In the listing below, find the line holding "#153=FACE_BOUND('',#152,.T.);" and the line holding "#184=CARTESIAN_POINT('',(0.,111.968359375,-36.2712));". Write out those two lines and all lines between, exactly, and nothing more.

•••

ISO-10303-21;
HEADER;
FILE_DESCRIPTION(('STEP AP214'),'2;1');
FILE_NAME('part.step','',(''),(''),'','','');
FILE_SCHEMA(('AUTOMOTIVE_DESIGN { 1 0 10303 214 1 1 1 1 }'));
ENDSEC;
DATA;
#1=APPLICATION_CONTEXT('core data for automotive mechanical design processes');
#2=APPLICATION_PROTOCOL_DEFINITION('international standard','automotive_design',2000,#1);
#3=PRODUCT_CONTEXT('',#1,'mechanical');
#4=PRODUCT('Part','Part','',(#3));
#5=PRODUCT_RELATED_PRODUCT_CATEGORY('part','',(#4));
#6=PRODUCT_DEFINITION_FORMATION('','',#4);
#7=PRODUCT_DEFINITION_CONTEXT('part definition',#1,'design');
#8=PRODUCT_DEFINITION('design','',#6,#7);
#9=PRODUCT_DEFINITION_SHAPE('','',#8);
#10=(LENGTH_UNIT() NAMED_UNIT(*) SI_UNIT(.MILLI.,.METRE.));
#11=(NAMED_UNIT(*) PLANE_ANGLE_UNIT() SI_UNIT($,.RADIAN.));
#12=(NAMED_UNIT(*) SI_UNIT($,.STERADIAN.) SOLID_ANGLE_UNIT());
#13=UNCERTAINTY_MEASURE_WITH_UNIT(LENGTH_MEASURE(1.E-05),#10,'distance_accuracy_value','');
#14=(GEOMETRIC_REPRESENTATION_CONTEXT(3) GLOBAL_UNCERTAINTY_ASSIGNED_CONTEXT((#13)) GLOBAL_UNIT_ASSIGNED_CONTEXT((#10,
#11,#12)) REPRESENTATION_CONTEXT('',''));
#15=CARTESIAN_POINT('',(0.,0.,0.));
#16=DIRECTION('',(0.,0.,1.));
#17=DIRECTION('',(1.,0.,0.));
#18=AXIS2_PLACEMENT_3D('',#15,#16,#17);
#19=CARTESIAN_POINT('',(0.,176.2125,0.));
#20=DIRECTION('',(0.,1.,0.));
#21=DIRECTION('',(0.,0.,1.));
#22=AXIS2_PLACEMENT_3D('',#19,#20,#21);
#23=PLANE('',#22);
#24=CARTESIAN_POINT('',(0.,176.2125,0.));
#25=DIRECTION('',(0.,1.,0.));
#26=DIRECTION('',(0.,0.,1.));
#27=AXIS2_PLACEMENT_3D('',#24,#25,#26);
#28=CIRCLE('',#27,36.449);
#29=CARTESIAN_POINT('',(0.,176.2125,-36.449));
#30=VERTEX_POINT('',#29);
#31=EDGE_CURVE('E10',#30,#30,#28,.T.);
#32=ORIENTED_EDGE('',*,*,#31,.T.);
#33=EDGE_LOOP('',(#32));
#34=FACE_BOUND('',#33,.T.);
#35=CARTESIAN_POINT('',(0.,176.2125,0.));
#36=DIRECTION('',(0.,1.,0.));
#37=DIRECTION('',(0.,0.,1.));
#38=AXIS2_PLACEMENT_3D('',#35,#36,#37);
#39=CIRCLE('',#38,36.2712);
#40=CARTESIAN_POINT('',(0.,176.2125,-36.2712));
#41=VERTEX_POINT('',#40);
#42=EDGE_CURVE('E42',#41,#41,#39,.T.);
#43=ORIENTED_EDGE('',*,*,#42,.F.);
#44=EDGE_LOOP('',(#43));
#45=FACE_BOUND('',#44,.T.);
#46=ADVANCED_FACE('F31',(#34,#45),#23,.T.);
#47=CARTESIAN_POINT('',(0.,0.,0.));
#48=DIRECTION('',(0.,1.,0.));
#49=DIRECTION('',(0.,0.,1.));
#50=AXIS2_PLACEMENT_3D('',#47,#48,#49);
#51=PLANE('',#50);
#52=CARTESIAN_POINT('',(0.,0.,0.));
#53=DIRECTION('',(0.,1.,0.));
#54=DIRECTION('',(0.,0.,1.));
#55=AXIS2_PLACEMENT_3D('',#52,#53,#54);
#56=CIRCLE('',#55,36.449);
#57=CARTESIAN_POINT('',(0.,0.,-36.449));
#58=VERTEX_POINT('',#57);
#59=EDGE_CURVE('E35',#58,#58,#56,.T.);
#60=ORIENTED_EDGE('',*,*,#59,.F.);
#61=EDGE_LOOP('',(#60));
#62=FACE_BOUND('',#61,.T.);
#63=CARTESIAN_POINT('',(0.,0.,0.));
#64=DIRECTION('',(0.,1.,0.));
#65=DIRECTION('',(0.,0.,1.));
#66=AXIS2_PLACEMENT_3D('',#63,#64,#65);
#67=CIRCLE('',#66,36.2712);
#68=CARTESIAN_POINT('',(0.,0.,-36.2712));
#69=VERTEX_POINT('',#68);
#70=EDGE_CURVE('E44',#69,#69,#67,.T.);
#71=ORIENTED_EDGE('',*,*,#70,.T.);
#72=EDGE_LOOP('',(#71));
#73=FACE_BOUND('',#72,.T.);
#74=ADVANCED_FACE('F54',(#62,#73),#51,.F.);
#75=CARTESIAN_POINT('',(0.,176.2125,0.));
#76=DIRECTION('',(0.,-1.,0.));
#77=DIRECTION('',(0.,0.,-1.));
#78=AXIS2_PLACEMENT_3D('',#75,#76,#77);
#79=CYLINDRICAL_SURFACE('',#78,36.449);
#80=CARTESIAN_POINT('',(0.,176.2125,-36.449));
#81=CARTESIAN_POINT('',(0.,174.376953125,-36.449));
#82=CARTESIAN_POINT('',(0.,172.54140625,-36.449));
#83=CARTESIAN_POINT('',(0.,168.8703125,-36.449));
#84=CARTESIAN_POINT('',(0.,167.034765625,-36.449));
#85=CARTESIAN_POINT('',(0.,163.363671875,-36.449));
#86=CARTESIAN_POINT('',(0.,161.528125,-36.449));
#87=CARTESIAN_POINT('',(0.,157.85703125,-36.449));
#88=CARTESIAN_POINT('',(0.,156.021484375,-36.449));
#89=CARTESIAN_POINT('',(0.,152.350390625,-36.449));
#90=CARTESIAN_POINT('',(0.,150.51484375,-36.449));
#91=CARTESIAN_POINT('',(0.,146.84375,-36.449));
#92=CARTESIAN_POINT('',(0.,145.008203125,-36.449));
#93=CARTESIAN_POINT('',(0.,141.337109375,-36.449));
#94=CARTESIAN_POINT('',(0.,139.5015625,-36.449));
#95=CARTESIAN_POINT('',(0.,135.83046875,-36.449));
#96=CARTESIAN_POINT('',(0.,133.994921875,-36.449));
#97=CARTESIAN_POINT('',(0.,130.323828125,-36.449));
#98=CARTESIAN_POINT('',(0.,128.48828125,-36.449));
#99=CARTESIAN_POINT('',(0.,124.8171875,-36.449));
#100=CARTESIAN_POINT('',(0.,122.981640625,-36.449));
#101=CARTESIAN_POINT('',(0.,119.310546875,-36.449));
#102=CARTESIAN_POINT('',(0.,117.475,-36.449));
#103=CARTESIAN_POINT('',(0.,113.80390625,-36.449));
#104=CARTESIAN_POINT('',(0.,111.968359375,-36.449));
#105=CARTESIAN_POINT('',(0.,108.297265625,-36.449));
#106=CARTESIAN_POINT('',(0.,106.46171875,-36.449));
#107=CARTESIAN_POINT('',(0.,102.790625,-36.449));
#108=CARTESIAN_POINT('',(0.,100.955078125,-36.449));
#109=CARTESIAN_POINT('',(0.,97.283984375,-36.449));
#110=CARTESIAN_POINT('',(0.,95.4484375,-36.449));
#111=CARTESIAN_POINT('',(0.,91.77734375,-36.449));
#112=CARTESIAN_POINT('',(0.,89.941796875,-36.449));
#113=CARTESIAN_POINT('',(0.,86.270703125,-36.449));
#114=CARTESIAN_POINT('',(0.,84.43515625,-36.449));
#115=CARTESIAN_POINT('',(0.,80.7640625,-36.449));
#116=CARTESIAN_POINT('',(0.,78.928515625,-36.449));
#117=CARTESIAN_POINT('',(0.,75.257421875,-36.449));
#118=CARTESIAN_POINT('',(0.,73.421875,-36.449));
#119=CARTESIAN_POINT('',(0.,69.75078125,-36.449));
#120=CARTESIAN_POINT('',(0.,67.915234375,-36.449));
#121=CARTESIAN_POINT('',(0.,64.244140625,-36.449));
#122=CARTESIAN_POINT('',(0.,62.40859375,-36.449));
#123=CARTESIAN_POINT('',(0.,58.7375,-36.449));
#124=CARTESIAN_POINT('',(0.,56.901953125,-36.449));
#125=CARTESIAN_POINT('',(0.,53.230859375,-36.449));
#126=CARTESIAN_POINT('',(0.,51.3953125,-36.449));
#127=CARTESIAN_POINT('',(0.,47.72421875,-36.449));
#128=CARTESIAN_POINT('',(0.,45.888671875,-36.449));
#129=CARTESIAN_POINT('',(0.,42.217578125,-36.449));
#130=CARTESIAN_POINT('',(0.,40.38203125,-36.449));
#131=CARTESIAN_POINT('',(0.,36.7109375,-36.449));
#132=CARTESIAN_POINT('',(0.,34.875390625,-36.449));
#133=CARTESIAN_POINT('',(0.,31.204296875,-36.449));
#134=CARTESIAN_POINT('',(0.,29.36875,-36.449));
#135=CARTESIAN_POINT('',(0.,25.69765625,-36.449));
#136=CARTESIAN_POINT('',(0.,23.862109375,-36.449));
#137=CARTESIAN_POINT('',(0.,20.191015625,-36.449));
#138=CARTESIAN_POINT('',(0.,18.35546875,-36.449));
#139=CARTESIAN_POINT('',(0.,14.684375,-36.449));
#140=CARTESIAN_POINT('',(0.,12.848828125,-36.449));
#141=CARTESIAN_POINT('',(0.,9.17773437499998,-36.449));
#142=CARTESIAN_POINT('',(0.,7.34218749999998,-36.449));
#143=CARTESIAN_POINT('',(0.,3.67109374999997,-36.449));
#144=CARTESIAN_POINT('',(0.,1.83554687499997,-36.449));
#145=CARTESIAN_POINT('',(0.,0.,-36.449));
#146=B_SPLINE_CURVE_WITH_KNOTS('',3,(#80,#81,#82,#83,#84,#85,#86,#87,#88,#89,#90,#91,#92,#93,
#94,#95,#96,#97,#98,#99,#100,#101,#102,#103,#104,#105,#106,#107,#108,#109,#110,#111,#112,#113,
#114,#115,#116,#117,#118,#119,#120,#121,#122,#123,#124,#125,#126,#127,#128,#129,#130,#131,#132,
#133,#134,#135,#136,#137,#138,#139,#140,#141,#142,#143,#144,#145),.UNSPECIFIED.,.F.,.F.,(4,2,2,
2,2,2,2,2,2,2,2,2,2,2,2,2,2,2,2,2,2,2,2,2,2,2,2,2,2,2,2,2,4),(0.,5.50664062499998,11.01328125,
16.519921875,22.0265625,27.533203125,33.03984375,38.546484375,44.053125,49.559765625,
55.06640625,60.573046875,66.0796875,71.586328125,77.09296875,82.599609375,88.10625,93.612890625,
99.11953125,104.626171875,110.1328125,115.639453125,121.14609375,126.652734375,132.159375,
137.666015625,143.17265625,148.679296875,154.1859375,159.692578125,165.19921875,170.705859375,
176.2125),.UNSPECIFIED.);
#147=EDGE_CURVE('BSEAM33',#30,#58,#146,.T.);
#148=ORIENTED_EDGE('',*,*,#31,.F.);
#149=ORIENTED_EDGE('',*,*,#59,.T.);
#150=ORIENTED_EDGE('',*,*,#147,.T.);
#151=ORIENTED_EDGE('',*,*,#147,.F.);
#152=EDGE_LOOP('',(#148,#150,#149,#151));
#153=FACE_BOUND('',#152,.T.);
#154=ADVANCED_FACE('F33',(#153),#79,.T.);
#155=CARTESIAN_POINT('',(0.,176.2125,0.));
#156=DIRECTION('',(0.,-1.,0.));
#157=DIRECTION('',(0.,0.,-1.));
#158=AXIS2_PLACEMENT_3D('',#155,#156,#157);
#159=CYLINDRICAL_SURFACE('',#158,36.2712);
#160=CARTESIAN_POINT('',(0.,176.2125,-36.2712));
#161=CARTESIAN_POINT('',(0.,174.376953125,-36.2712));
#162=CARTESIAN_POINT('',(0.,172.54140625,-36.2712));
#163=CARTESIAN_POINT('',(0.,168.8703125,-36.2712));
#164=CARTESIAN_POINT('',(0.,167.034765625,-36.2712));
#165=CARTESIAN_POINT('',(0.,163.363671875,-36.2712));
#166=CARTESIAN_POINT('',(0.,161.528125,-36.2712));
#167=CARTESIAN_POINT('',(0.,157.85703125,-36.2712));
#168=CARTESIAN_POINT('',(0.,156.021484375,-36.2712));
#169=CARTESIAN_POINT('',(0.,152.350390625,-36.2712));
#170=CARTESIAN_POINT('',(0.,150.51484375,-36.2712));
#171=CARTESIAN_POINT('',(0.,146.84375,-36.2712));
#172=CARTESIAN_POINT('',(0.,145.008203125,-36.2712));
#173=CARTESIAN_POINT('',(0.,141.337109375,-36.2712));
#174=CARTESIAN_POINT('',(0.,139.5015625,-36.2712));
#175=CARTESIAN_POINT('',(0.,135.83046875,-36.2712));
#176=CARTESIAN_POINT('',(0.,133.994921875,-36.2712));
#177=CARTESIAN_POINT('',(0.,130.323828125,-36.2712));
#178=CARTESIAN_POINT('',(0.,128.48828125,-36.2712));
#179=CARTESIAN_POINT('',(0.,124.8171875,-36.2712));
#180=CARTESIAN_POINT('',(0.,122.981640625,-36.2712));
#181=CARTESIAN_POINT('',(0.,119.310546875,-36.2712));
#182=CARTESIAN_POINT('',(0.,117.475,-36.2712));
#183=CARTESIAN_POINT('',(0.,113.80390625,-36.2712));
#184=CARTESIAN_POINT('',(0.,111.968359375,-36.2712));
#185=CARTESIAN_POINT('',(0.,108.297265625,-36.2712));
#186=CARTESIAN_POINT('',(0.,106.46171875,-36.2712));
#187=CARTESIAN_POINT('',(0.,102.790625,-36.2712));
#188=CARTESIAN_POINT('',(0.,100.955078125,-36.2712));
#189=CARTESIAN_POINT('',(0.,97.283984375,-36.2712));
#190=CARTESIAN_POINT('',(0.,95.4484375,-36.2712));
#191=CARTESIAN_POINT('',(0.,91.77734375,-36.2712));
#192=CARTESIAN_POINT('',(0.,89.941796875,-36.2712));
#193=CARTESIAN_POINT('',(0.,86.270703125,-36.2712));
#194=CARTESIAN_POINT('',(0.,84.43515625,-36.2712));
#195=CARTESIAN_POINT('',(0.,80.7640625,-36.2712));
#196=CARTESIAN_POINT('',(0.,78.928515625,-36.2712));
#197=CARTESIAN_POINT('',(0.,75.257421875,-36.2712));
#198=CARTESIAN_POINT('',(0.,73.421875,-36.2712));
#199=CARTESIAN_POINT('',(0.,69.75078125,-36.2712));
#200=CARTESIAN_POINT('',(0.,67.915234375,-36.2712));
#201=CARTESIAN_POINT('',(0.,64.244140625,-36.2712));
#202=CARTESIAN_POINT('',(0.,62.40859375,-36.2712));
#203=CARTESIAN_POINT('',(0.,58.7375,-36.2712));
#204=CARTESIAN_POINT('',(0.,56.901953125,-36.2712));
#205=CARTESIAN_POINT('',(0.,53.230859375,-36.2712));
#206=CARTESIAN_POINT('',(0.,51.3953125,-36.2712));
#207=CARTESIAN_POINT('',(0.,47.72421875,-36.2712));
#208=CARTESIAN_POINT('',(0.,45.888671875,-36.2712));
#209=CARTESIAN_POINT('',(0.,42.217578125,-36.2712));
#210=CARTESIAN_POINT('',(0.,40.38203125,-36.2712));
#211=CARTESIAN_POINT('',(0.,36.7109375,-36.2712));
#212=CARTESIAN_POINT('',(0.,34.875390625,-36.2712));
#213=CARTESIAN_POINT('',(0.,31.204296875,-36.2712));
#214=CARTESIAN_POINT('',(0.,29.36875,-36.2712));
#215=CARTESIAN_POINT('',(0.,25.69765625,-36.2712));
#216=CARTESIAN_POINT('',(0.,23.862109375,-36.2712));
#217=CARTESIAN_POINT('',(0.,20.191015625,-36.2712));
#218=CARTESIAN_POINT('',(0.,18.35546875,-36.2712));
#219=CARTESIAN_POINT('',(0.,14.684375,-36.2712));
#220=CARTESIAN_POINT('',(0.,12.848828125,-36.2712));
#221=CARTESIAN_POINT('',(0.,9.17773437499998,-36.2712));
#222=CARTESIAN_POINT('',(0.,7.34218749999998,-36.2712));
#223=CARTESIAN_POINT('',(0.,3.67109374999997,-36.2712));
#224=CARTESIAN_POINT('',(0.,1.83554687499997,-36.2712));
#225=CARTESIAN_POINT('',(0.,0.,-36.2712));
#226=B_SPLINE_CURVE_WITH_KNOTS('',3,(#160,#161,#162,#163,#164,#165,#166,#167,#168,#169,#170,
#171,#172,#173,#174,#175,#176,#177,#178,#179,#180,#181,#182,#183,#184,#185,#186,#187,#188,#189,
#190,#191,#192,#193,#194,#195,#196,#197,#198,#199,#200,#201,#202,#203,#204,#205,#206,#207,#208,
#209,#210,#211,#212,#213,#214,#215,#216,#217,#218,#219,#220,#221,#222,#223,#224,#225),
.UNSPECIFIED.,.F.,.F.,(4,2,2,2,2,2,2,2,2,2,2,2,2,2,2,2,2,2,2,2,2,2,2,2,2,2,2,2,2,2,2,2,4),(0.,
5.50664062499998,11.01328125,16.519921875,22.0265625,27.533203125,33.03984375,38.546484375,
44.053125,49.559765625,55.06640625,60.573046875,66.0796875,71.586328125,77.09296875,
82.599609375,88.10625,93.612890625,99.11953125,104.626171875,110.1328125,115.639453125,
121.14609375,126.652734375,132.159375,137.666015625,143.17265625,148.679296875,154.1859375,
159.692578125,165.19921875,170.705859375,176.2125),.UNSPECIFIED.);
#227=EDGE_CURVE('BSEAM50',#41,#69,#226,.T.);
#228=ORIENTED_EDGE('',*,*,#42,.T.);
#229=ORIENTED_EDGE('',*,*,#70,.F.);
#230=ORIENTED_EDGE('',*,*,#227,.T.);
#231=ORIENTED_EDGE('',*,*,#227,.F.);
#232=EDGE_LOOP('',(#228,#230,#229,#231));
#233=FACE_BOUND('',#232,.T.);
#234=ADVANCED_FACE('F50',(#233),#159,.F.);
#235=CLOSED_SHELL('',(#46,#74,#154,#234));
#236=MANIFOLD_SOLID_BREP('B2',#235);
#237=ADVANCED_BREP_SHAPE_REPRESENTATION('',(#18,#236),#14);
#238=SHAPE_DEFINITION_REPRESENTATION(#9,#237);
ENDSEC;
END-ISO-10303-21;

•••

- Your response
#153=FACE_BOUND('',#152,.T.);
#154=ADVANCED_FACE('F33',(#153),#79,.T.);
#155=CARTESIAN_POINT('',(0.,176.2125,0.));
#156=DIRECTION('',(0.,-1.,0.));
#157=DIRECTION('',(0.,0.,-1.));
#158=AXIS2_PLACEMENT_3D('',#155,#156,#157);
#159=CYLINDRICAL_SURFACE('',#158,36.2712);
#160=CARTESIAN_POINT('',(0.,176.2125,-36.2712));
#161=CARTESIAN_POINT('',(0.,174.376953125,-36.2712));
#162=CARTESIAN_POINT('',(0.,172.54140625,-36.2712));
#163=CARTESIAN_POINT('',(0.,168.8703125,-36.2712));
#164=CARTESIAN_POINT('',(0.,167.034765625,-36.2712));
#165=CARTESIAN_POINT('',(0.,163.363671875,-36.2712));
#166=CARTESIAN_POINT('',(0.,161.528125,-36.2712));
#167=CARTESIAN_POINT('',(0.,157.85703125,-36.2712));
#168=CARTESIAN_POINT('',(0.,156.021484375,-36.2712));
#169=CARTESIAN_POINT('',(0.,152.350390625,-36.2712));
#170=CARTESIAN_POINT('',(0.,150.51484375,-36.2712));
#171=CARTESIAN_POINT('',(0.,146.84375,-36.2712));
#172=CARTESIAN_POINT('',(0.,145.008203125,-36.2712));
#173=CARTESIAN_POINT('',(0.,141.337109375,-36.2712));
#174=CARTESIAN_POINT('',(0.,139.5015625,-36.2712));
#175=CARTESIAN_POINT('',(0.,135.83046875,-36.2712));
#176=CARTESIAN_POINT('',(0.,133.994921875,-36.2712));
#177=CARTESIAN_POINT('',(0.,130.323828125,-36.2712));
#178=CARTESIAN_POINT('',(0.,128.48828125,-36.2712));
#179=CARTESIAN_POINT('',(0.,124.8171875,-36.2712));
#180=CARTESIAN_POINT('',(0.,122.981640625,-36.2712));
#181=CARTESIAN_POINT('',(0.,119.310546875,-36.2712));
#182=CARTESIAN_POINT('',(0.,117.475,-36.2712));
#183=CARTESIAN_POINT('',(0.,113.80390625,-36.2712));
#184=CARTESIAN_POINT('',(0.,111.968359375,-36.2712));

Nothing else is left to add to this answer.